Consider now two cells with elements \(\alpha \) and \(\beta \), respectively (α, β [b, f]). The separation between any pair of elements \((\alpha ,\beta )\) is given by \({\overrightarrow{r}}_{\alpha \beta }={\overrightarrow{r}}_{\beta }-{\overrightarrow{r}}_{\alpha }\) with unit vector \({\hat{r}}_{\alpha \beta }={\overrightarrow{r}}_{\alpha \beta }/|{\overrightarrow{r}}_{\alpha \beta }|\). Their surface-to-surface distance is given by \({d}_{\alpha \beta }=|{\overrightarrow{r}}_{\alpha \beta }|-{\sigma }_{\alpha \beta }/2\) (with \({\sigma }_{\alpha \beta }=({\sigma }_{\alpha }+{\sigma }_{\beta })/2\)) and the elements with the shortest surface-to-surface distance are denoted \((\alpha {\prime} ,\beta {\prime} )\), i.e.

$${d}_{\alpha {\prime} \beta {\prime} }=\mathop{{\rm{\min }}}\limits_{\alpha ,\beta }\,({d}_{\alpha \beta }).$$
(16)

Then, the (cell-cell) force \({\overrightarrow{F}}_{cc,\alpha }\) acting on cell element α exerted by the elements of the other cell is given by

$${\overrightarrow{F}}_{cc,\alpha }=\sum _{\beta }\,{\overrightarrow{F}}_{\alpha \beta }$$
(17)
$${\overrightarrow{F}}_{\alpha \beta }=\{\begin{array}{cc}{\overrightarrow{F}}_{sc}({\overrightarrow{r}}_{\alpha \beta }) & {\rm{i}}{\rm{f}}\,{\overrightarrow{F}}_{sc}({\overrightarrow{r}}_{\alpha \beta }){\hat{r}}_{\alpha \beta } < 0\,{\rm{o}}{\rm{r}}\,(\alpha ,\beta )=(\alpha {\rm{{\prime} }},\beta {\rm{{\prime} }})\\ 0 & {\rm{o}}{\rm{t}}{\rm{h}}{\rm{e}}{\rm{r}}{\rm{w}}{\rm{i}}{\rm{s}}{\rm{e}}\end{array}$$
(18)

using Eq. (14) for \({\overrightarrow{F}}_{sc}({\overrightarrow{r}}_{\alpha \beta })\).

With this soft-core potential, the potential well around a cell is now of constant width and of shorter range, see Fig. 7g). For all our simulations we chose a width of the potential well of \(\xi =0.654\,{R}_{{\rm{\max }}}\) (=0.75σb).

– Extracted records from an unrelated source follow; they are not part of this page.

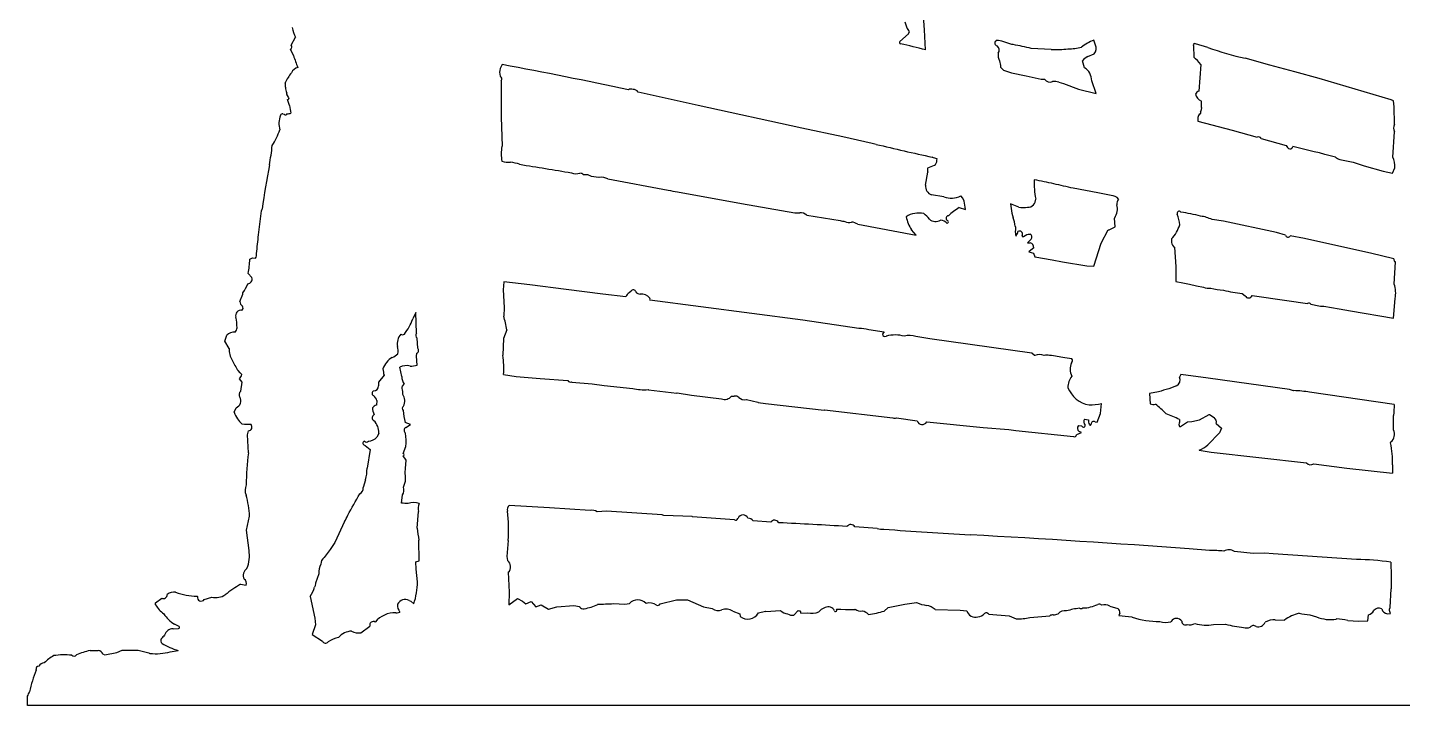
# Model space of a CAD drawing. Extents: x 0 to 36, y 0 to 18.8.
# Drawn here: x 0 to 18.3, y 0 to 9.02 of the extents above; entities that cross this region are included whole.
import ezdxf

# ---------------------------------------------------------------- set-up
doc = ezdxf.new("R2010")
doc.units = 0
doc.layers.get('0').update_dxf_attribs({"linetype": 'CONTINUOUS'})

msp = doc.modelspace()

# ---------------------------------------------------------------- linework, layer by layer
at = {"color": 0}
for p, q in [((11.934954, 8.992085), (11.92486, 9.175043)), ((11.672672, 9.099061), (11.699408, 9.020817)), ((11.950031, 8.726366), (11.934954, 8.992085)), ((3.508216, 8.789118), (3.568435, 8.894163)), ((11.721823, 8.938184), (11.609455, 8.836303)), ((12.964552, 8.842959), (12.921991, 8.850656)), ((13.100003, 8.796046), (12.964552, 8.842959)), ((13.104359, 8.796076), (13.100003, 8.796046)), ((13.108719, 8.796111), (13.104359, 8.796076)), ((13.113075, 8.796142), (13.108719, 8.796111)), ((13.117434, 8.796177), (13.113075, 8.796142)), ((14.211314, 8.791348), (14.189034, 8.85655)), ((15.706333, 8.759037), (15.544736, 8.805756)), ((3.539772, 8.649904), (3.499895, 8.736758)), ((13.623451, 8.730261), (13.357502, 8.745692)), ((14.107878, 8.63804), (14.194773, 8.673557)), ((15.514431, 8.77938), (15.519905, 8.631251)), ((16.533941, 8.523408), (16.204229, 8.61462)), ((6.31668, 8.531378), (6.290791, 8.47863)), ((12.936021, 8.581271), (12.949641, 8.518521)), ((12.949641, 8.518521), (12.949717, 8.498569)), ((12.949717, 8.498569), (12.989264, 8.455291)), ((12.989264, 8.455291), (13.094112, 8.421219)), ((13.094112, 8.421219), (13.290537, 8.37912)), ((14.06542, 8.489546), (14.038584, 8.580862)), ((15.612171, 8.531713), (15.588689, 8.17854)), ((16.863653, 8.432196), (16.533941, 8.523408)), ((17.186779, 8.347474), (16.863653, 8.432196)), ((6.305246, 8.313396), (6.304889, 8.071528)), ((13.290537, 8.37912), (13.486961, 8.337021)), ((13.486961, 8.337021), (13.534896, 8.337379)), ((13.722608, 8.295215), (13.788102, 8.278277)), ((13.788102, 8.278277), (13.984757, 8.205674)), ((14.220533, 8.146439), (14.162603, 8.315966)), ((18.147675, 8.062734), (17.186779, 8.347474)), ((3.488114, 7.987108), (3.461376, 8.065347)), ((6.304889, 8.071528), (6.304532, 7.82966)), ((8.922492, 7.984486), (8.127979, 8.165888)), ((13.984757, 8.205674), (14.220533, 8.146439)), ((18.178276, 8.049887), (18.147675, 8.062734)), ((3.397572, 7.874056), (3.414919, 7.868889)), ((10.301858, 7.685467), (8.922492, 7.984486)), ((15.615923, 7.92857), (15.608217, 7.899779)), ((15.62055, 7.958014), (15.615923, 7.92857)), ((18.187614, 7.967161), (18.178276, 8.049887)), ((18.189358, 7.736201), (18.187614, 7.967161)), ((6.304532, 7.82966), (6.31614, 7.446245)), ((10.851846, 7.56759), (10.301858, 7.685467)), ((15.574278, 7.777499), (16.028397, 7.658901)), ((11.240373, 7.479004), (10.851846, 7.56759)), ((16.028397, 7.658901), (16.364666, 7.565561)), ((16.417088, 7.548526), (16.748995, 7.455152)), ((18.166496, 7.300231), (18.190113, 7.635975)), ((6.31614, 7.446245), (6.311815, 7.441855)), ((11.292087, 7.469324), (11.240373, 7.479004)), ((11.979287, 7.157724), (12.070534, 7.193277)), ((12.054249, 7.288695), (12.039242, 7.297633)), ((12.102771, 7.277888), (12.054249, 7.288695)), ((12.070534, 7.193277), (12.083542, 7.202089)), ((17.465103, 7.268802), (17.639706, 7.230895)), ((17.639706, 7.230895), (17.788227, 7.184076)), ((17.788227, 7.184076), (18.041534, 7.111901)), ((18.163748, 7.086673), (18.193723, 7.156626)), ((7.460318, 7.061911), (7.481022, 7.055617)), ((7.481022, 7.055617), (7.500162, 7.045524)), ((7.500162, 7.045524), (7.604847, 7.03324)), ((7.604847, 7.03324), (7.609237, 7.028911)), ((7.7227, 7.007981), (8.525668, 6.861504)), ((11.950522, 6.926541), (11.979746, 7.096717)), ((18.041534, 7.111901), (18.163748, 7.086673)), ((8.647879, 6.836278), (9.503204, 6.681478)), ((12.195734, 6.771501), (12.029946, 6.796396)), ((12.444288, 6.751581), (12.417912, 6.781889)), ((14.243591, 6.821801), (13.91627, 6.884698)), ((14.418162, 6.788251), (14.243591, 6.821801)), ((9.503204, 6.681478), (10.210136, 6.556067)), ((12.397273, 6.629208), (12.482366, 6.604169)), ((12.462016, 6.712498), (12.444288, 6.751581)), ((13.081103, 6.677941), (13.100284, 6.552216)), ((13.190375, 6.635183), (13.081103, 6.677941)), ((3.073999, 6.266952), (3.115178, 6.585396)), ((10.210136, 6.556067), (10.275503, 6.55656)), ((10.371602, 6.526781), (10.812286, 6.456014)), ((11.047998, 6.405495), (11.824817, 6.258823)), ((12.237649, 6.414467), (12.253351, 6.427813)), ((13.100284, 6.552216), (13.11583, 6.490525)), ((14.464005, 6.487897), (14.46833, 6.492286)), ((14.473608, 6.370306), (14.464005, 6.487897)), ((15.915514, 6.446544), (15.762827, 6.46718)), ((16.618284, 6.294954), (15.915514, 6.446544)), ((11.824817, 6.258823), (11.764948, 6.332234)), ((13.144184, 6.380708), (13.148834, 6.36468)), ((13.149721, 6.247019), (13.176318, 6.291234)), ((13.176318, 6.291234), (13.179764, 6.308256)), ((13.254535, 6.240502), (13.298959, 6.269041)), ((13.298959, 6.269041), (13.317865, 6.272299)), ((13.317865, 6.272299), (13.341263, 6.274612)), ((14.287834, 6.155364), (14.382389, 6.330398)), ((14.382389, 6.330398), (14.386748, 6.330428)), ((14.386748, 6.330428), (14.391109, 6.330463)), ((14.391109, 6.330463), (14.395466, 6.330493)), ((14.395466, 6.330493), (14.473608, 6.370306)), ((16.740562, 6.261013), (16.618284, 6.294954)), ((16.993671, 6.214982), (16.801636, 6.252753)), ((13.354826, 6.209346), (13.307287, 6.156693)), ((13.307287, 6.156693), (13.342424, 6.158218)), ((13.373697, 6.079556), (13.325605, 6.039165)), ((13.325605, 6.039165), (13.386744, 6.022194)), ((13.390574, 6.091949), (13.373697, 6.079556)), ((14.189907, 5.849572), (14.287834, 6.155364)), ((15.224379, 6.210363), (15.224741, 6.162427)), ((15.264421, 6.101714), (15.279463, 5.840353)), ((17.172634, 6.177109), (16.993671, 6.214982)), ((17.871078, 6.021127), (17.172634, 6.177109)), ((2.958805, 5.939239), (2.975012, 5.950639)), ((2.975012, 5.950639), (2.993784, 5.956978)), ((2.993784, 5.956978), (3.032786, 5.952873)), ((13.386744, 6.022194), (13.404568, 5.970034)), ((13.404568, 5.970034), (13.635824, 5.932556)), ((13.635824, 5.932556), (13.771109, 5.907425)), ((13.771109, 5.907425), (14.098364, 5.85324)), ((18.181065, 5.945024), (17.871078, 6.021127)), ((18.187954, 5.609512), (18.203152, 5.90597)), ((2.986791, 5.695407), (2.938429, 5.751695)), ((14.098364, 5.85324), (14.189907, 5.849572)), ((15.279463, 5.840353), (15.280941, 5.644257)), ((2.866317, 5.489676), (2.866284, 5.494032)), ((2.866351, 5.485317), (2.866317, 5.489676)), ((6.338485, 5.637868), (6.330558, 5.533216)), ((6.330558, 5.533216), (6.341047, 5.297966)), ((6.683039, 5.601243), (6.338485, 5.637868)), ((7.169431, 5.537361), (6.683039, 5.601243)), ((7.655823, 5.473478), (7.169431, 5.537361)), ((8.031555, 5.515641), (8.008285, 5.490726)), ((15.280941, 5.644257), (15.3726, 5.625336)), ((15.3726, 5.625336), (15.464261, 5.606417)), ((15.464261, 5.606417), (15.55592, 5.587496)), ((15.55592, 5.587496), (15.647579, 5.568577)), ((2.823596, 5.376046), (2.866416, 5.476603)), ((2.866384, 5.480958), (2.866351, 5.485317)), ((2.866416, 5.476603), (2.866384, 5.480958)), ((7.961125, 5.440917), (7.655823, 5.473478)), ((10.316777, 5.127465), (8.279598, 5.395379)), ((16.162445, 5.485299), (16.201895, 5.45509)), ((16.297764, 5.455813), (16.755846, 5.389539)), ((16.755846, 5.389539), (17.035036, 5.35242)), ((17.248857, 5.314809), (17.453936, 5.281491)), ((18.178295, 5.156214), (18.198112, 5.417838)), ((5.169252, 5.232482), (5.126333, 5.145)), ((5.17568, 4.95798), (5.169252, 5.232482)), ((6.341047, 5.297966), (6.337575, 5.180277)), ((11.062801, 5.019783), (10.316777, 5.127465)), ((17.453936, 5.281491), (17.606682, 5.252138)), ((17.606682, 5.252138), (18.178295, 5.156214)), ((6.378143, 5.001907), (6.335453, 4.883919)), ((11.398737, 4.970019), (11.193694, 4.998979)), ((11.39877, 4.96566), (11.398737, 4.970019)), ((2.627082, 4.851612), (2.652638, 4.930247)), ((2.68449, 4.751812), (2.627082, 4.851612)), ((5.19462, 4.757657), (5.18492, 4.888322)), ((6.335453, 4.883919), (6.324055, 4.661578)), ((11.429632, 4.917956), (11.425278, 4.917923)), ((12.009537, 4.878747), (11.821892, 4.912198)), ((13.36629, 4.688508), (12.009537, 4.878747)), ((5.178012, 4.648583), (5.182074, 4.687834)), ((5.183257, 4.530957), (5.178012, 4.648583)), ((13.401381, 4.658268), (13.36629, 4.688508)), ((13.405739, 4.658301), (13.401381, 4.658268)), ((13.898521, 4.614078), (13.802554, 4.626428)), ((2.829947, 4.429145), (2.802245, 4.45796)), ((2.852708, 4.404444), (2.829947, 4.429145)), ((4.744113, 4.396908), (4.670723, 4.304838)), ((4.97956, 4.38125), (4.952495, 4.503071)), ((6.334707, 4.404541), (6.500497, 4.379642)), ((15.346922, 4.407096), (15.32975, 4.372105)), ((15.709002, 4.35753), (15.346922, 4.407096)), ((2.857822, 4.30425), (2.822631, 4.347562)), ((2.836953, 4.18207), (2.857822, 4.30425)), ((4.670723, 4.304838), (4.672503, 4.253897)), ((4.985134, 4.220049), (4.985301, 4.23642)), ((4.985301, 4.23642), (4.989929, 4.252121)), ((4.989929, 4.252121), (5.010855, 4.276898)), ((6.500497, 4.379642), (6.823196, 4.351567)), ((6.823196, 4.351567), (7.189473, 4.323824)), ((7.237539, 4.306753), (7.241929, 4.302429)), ((7.241929, 4.302429), (7.512269, 4.282678)), ((7.512269, 4.282678), (7.673701, 4.257747)), ((7.673701, 4.257747), (8.053117, 4.221382)), ((15.29142, 4.254149), (15.18713, 4.214142)), ((16.795284, 4.204474), (15.709002, 4.35753)), ((4.650774, 4.060643), (4.642517, 3.99957)), ((8.258061, 4.205497), (8.262452, 4.20117)), ((8.262452, 4.20117), (8.641933, 4.156095)), ((8.641933, 4.156095), (8.646258, 4.160486)), ((8.646258, 4.160486), (8.833869, 4.131393)), ((8.833869, 4.131393), (9.235173, 4.082123)), ((9.369997, 4.118003), (9.404342, 4.118925)), ((9.562098, 4.071512), (9.566453, 4.071548)), ((9.566453, 4.071548), (9.719237, 4.037835)), ((9.719237, 4.037835), (9.723628, 4.033508)), ((9.723628, 4.033508), (9.819596, 4.021158)), ((15.052336, 4.173903), (14.930485, 4.151197)), ((14.930485, 4.151197), (14.940219, 4.016173)), ((16.847708, 4.187436), (16.795284, 4.204474)), ((16.852036, 4.191828), (16.847708, 4.187436)), ((18.186966, 4.005782), (17.061368, 4.171617)), ((2.7519, 3.902519), (2.777587, 3.963726)), ((9.819596, 4.021158), (10.600347, 3.93117)), ((10.600347, 3.93117), (10.604671, 3.935558)), ((10.604671, 3.935558), (11.516285, 3.829122)), ((14.236078, 3.77118), (14.278802, 3.884809)), ((14.278802, 3.884809), (14.290857, 4.019996)), ((15.595514, 3.803215), (15.725721, 3.873922)), ((15.725721, 3.873922), (15.730079, 3.873955)), ((15.730079, 3.873955), (15.791385, 3.835198)), ((18.176424, 3.670138), (18.179336, 3.861913)), ((2.888625, 3.74219), (2.857667, 3.746431)), ((2.956988, 3.74128), (2.888625, 3.74219)), ((2.975391, 3.738602), (2.956988, 3.74128)), ((5.097688, 3.741524), (5.02561, 3.768034)), ((5.032619, 3.701811), (5.097688, 3.741524)), ((11.564218, 3.829484), (11.83908, 3.787976)), ((11.965553, 3.775856), (12.715702, 3.69871)), ((12.715702, 3.69871), (13.060154, 3.675158)), ((13.060154, 3.675158), (13.1518, 3.658418)), ((13.983659, 3.725698), (14.02727, 3.721667)), ((14.0658, 3.813476), (14.118192, 3.800796)), ((14.205542, 3.775307), (14.236078, 3.77118)), ((15.329664, 3.805569), (15.329696, 3.801212)), ((15.329696, 3.801212), (15.32973, 3.796854)), ((15.32973, 3.796854), (15.329762, 3.792498)), ((15.329762, 3.792498), (15.329796, 3.788139)), ((15.329796, 3.788139), (15.329827, 3.783782)), ((15.329827, 3.783782), (15.329861, 3.779423)), ((15.329861, 3.779423), (15.329893, 3.775068)), ((15.329893, 3.775068), (15.329925, 3.770709)), ((15.330354, 3.714057), (15.343426, 3.714155)), ((15.343426, 3.714155), (15.434478, 3.775853)), ((15.434478, 3.775853), (15.495453, 3.780673)), ((15.495453, 3.780673), (15.595514, 3.803215)), ((15.818153, 3.752598), (15.888334, 3.692116)), ((15.888334, 3.692116), (15.862648, 3.630912)), ((2.928474, 3.603151), (2.941154, 3.655543)), ((2.938998, 3.363544), (2.928474, 3.603151)), ((4.667295, 3.603183), (4.650721, 3.570734)), ((4.673689, 3.626802), (4.667295, 3.603183)), ((13.1518, 3.658418), (13.91938, 3.5814)), ((13.958431, 3.603485), (13.962757, 3.607876)), ((13.962757, 3.607876), (14.02357, 3.63448)), ((14.02357, 3.63448), (13.992436, 3.647948)), ((15.862648, 3.630912), (15.706987, 3.468493)), ((18.137518, 3.494431), (18.141776, 3.507561)), ((4.494037, 3.462424), (4.559832, 3.406267)), ((4.559832, 3.406267), (4.518125, 3.157548)), ((5.000385, 3.352934), (5.034524, 3.449067)), ((5.040262, 3.266076), (5.000615, 3.322431)), ((15.589855, 3.397883), (15.751286, 3.372952)), ((15.751286, 3.372952), (17.020527, 3.229991)), ((5.028043, 3.152676), (5.040262, 3.266076)), ((17.116495, 3.217641), (17.557081, 3.159952)), ((17.557081, 3.159952), (18.16336, 3.090432)), ((4.497487, 3.004865), (4.467771, 2.90005)), ((5.003769, 2.90409), (5.029291, 2.987083)), ((5.028733, 3.061165), (5.023778, 3.081899)), ((4.974842, 2.694689), (4.99145, 2.803766)), ((5.186541, 2.360724), (5.202295, 2.583098)), ((6.947308, 2.628935), (6.408853, 2.66192)), ((7.485764, 2.59595), (6.947308, 2.628935)), ((7.703746, 2.584522), (7.581762, 2.579243)), ((8.444948, 2.537812), (7.703746, 2.584522)), ((2.916244, 2.334898), (2.954084, 2.518215)), ((4.218409, 2.449303), (4.089779, 2.169425)), ((8.846054, 2.514687), (8.466805, 2.529259)), ((8.850445, 2.510363), (8.846054, 2.514687)), ((9.408559, 2.47099), (8.850445, 2.510363)), ((9.456326, 2.49314), (9.452003, 2.488749)), ((9.892527, 2.439773), (9.657047, 2.459788)), ((9.99718, 2.431846), (9.992785, 2.436172)), ((2.948786, 2.06495), (2.916244, 2.334898)), ((5.211613, 1.925118), (5.209543, 2.199655)), ((11.305143, 2.354545), (11.008621, 2.378458)), ((4.029461, 2.077453), (3.947486, 1.967885)), ((4.089779, 2.169425), (4.029461, 2.077453)), ((6.394935, 2.195515), (6.379116, 1.981857)), ((15.730669, 2.061055), (15.460295, 2.085165)), ((16.31057, 2.021846), (16.061951, 2.05048)), ((16.463057, 2.027354), (16.31057, 2.021846)), ((16.576422, 2.019492), (16.463057, 2.027354)), ((17.683903, 1.945037), (16.576422, 2.019492)), ((5.168135, 1.911718), (5.211613, 1.925118)), ((5.173214, 1.81588), (5.168135, 1.911718)), ((6.379116, 1.981857), (6.388223, 1.929629)), ((3.875013, 1.7538), (3.832389, 1.6271)), ((5.191927, 1.646063), (5.173214, 1.81588)), ((6.398121, 1.772818), (6.408842, 1.507064)), ((2.83451, 1.61522), (2.908688, 1.602705)), ((3.827061, 1.592606), (3.820328, 1.576445)), ((3.832389, 1.6271), (3.827061, 1.592606)), ((6.408842, 1.507064), (6.405732, 1.341439)), ((18.133251, 1.30345), (18.144451, 1.551936)), ((1.703315, 1.367008), (1.785651, 1.428639)), ((1.703523, 1.340721), (1.703315, 1.367008)), ((2.256117, 1.453976), (2.260509, 1.44965)), ((2.352318, 1.41112), (2.452314, 1.442379)), ((3.759624, 1.452233), (3.82283, 1.160728)), ((5.079085, 1.399231), (5.102514, 1.387735)), ((5.102514, 1.387735), (5.141834, 1.353703)), ((6.405732, 1.341439), (6.518407, 1.425089)), ((6.518407, 1.425089), (6.588393, 1.390752)), ((6.588393, 1.390752), (6.632267, 1.351862)), ((6.632267, 1.351862), (6.701759, 1.382892)), ((6.701759, 1.382892), (6.763291, 1.313629)), ((6.763291, 1.313629), (6.837176, 1.340332)), ((6.837176, 1.340332), (6.933475, 1.284404)), ((6.933475, 1.284404), (7.042217, 1.311372)), ((7.042217, 1.311372), (7.268686, 1.330512)), ((7.268686, 1.330512), (7.347223, 1.31803)), ((7.347223, 1.31803), (7.347257, 1.313671)), ((7.591057, 1.346015), (7.586668, 1.350341)), ((7.795805, 1.356273), (7.94839, 1.348708)), ((7.94839, 1.348708), (8.009334, 1.357884)), ((8.419019, 1.352257), (8.636512, 1.40619)), ((8.636512, 1.40619), (8.784674, 1.407307)), ((8.784674, 1.407307), (8.994566, 1.313013)), ((8.994566, 1.313013), (9.112388, 1.292112)), ((10.764119, 1.28277), (10.825147, 1.281053)), ((10.825147, 1.281053), (10.88617, 1.279335)), ((11.400573, 1.257063), (11.452505, 1.305392)), ((11.452505, 1.305392), (11.674419, 1.350643)), ((11.674419, 1.350643), (11.831163, 1.369258)), ((14.402697, 1.323271), (14.507545, 1.289197)), ((18.124866, 1.26356), (18.126347, 1.284075)), ((18.126347, 1.284075), (18.133251, 1.30345)), ((3.82283, 1.160728), (3.832204, 1.073638)), ((4.903326, 1.233188), (4.921013, 1.23444)), ((4.921013, 1.23444), (4.955274, 1.243347)), ((9.38722, 1.254963), (9.478993, 1.220791)), ((9.478993, 1.220791), (9.483612, 1.185961)), ((9.727314, 1.231376), (9.818663, 1.253855)), ((9.818663, 1.253855), (9.823052, 1.249532)), ((9.823052, 1.249532), (10.019051, 1.264081)), ((10.198177, 1.204421), (10.254367, 1.265854)), ((10.28949, 1.231256), (10.381002, 1.231947)), ((10.529068, 1.246137), (10.548705, 1.263396)), ((10.88617, 1.279335), (10.947192, 1.277614)), ((10.947192, 1.277614), (11.008217, 1.275896)), ((11.008217, 1.275896), (11.01254, 1.280285)), ((11.108574, 1.259218), (11.112967, 1.254895)), ((12.080242, 1.279618), (12.411526, 1.269041)), ((12.411526, 1.269041), (12.498747, 1.260982)), ((12.791072, 1.215247), (13.061413, 1.195496)), ((13.061413, 1.195496), (13.157613, 1.152641)), ((13.336143, 1.171418), (13.606159, 1.195244)), ((14.534191, 1.229267), (14.521311, 1.197783)), ((14.521311, 1.197783), (14.564919, 1.193755)), ((14.564919, 1.193755), (14.608528, 1.189726)), ((14.608528, 1.189726), (14.652142, 1.185696)), ((14.652142, 1.185696), (14.695749, 1.181667)), ((14.695749, 1.181667), (14.700138, 1.177343)), ((15.214838, 1.115852), (15.219166, 1.120243)), ((16.604847, 1.139404), (16.726894, 1.135965)), ((17.061911, 1.208219), (17.153656, 1.178403)), ((17.415346, 1.149868), (17.419672, 1.154257)), ((17.567999, 1.133588), (17.711899, 1.121599)), ((17.711899, 1.121599), (17.83379, 1.126581)), ((17.83379, 1.126581), (17.846365, 1.205413)), ((18.096869, 1.222097), (18.138201, 1.225042)), ((18.138201, 1.225042), (18.124866, 1.26356)), ((1.9369, 1.020131), (2.010949, 1.025049)), ((2.018192, 1.05063), (1.954556, 1.080551)), ((3.832204, 1.073638), (3.789578, 0.946937)), ((3.789578, 0.946937), (3.925357, 0.856443)), ((4.434386, 0.969229), (4.555746, 1.057303)), ((15.781669, 1.076545), (15.942871, 1.082119)), ((0.832147, 0.732897), (0.941088, 0.733718)), ((1.189707, 0.705086), (1.259201, 0.736116)), ((1.259201, 0.736116), (1.472728, 0.737725)), ((1.472728, 0.737725), (1.61247, 0.699559)), ((1.899979, 0.714799), (2.004433, 0.733016)), ((1.007493, 0.683078), (1.028703, 0.673366)), ((1.028703, 0.673366), (1.189707, 0.705086)), ((0.115031, 0.474731), (0.114998, 0.47909)), ((0.115063, 0.470374), (0.115031, 0.474731)), ((0, 0), (0, 0.124431)), ((36, 0.000003), (0, 0))]:
    msp.add_line(p, q, dxfattribs=at)
for centre, radius, start, end in [((3.813528, 9.050733), 0.290834, 185.161825, 212.57121), ((11.606504, 8.919902), 0.137167, 20.878406, 47.366824), ((11.621014, 8.998484), 0.117467, 329.113865, 345.355683), ((3.483697, 8.766173), 0.03358, 298.840167, 43.100655), ((11.622697, 8.823891), 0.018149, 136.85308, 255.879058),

Radial distribution of successful cell divisions

We calculated the radial distribution of successful cell divisions for all times, by assuming that the colony is circular, i.e. radially symmetric. We obtain

$${N}_{{\rm{d}}{\rm{i}}{\rm{v}}}(r,t)=\frac{1}{{A}_{{\rm{r}}{\rm{i}}{\rm{n}}{\rm{g}}}(r)}\frac{1}{\Delta t}{\int }_{t-\Delta t}^{t}{\int }_{r-\Delta r,r}\sum _{i}\delta (\overrightarrow{r}{\prime} -{\overrightarrow{R}}_{i,{\rm{n}}{\rm{e}}{\rm{w}}}(t))dr{\prime} dt$$
(19)

with the centre of mass of the colony placed at the origin, \({A}_{{\rm{ring}}}(r)=\pi [{r}^{2}-{(r-\Delta r)}^{2}]\), and \({R}_{i,{\rm{new}}}(t))\) the position of the i-th division event occurring at time t.

Average cell orientation

We quantified the orientation of the cells in respect to the colony as follows. With \(\overrightarrow{r}\) the position of the cell in respect to the centre of mass of the colony, and \({\overrightarrow{r}}_{bf}\) the cell’s extension, and \(\hat{r}\) and \({\hat{r}}_{bf}\) denoting their unit vectors, we measure the orientation of cells towards or away from the colony

$$p(r)=\langle {\hat{r}}_{bf}\cdot \hat{r}\rangle $$
(20)

as a function of \(r=|\overrightarrow{r}|\). This function yields values between −1 and 1. If cells on a ring of radius r are mostly pointing towards the inside of the colony, \(p(r) < 0\), whereas if the cells are mostly pointing away from the colony, then \(p(r) > 0\).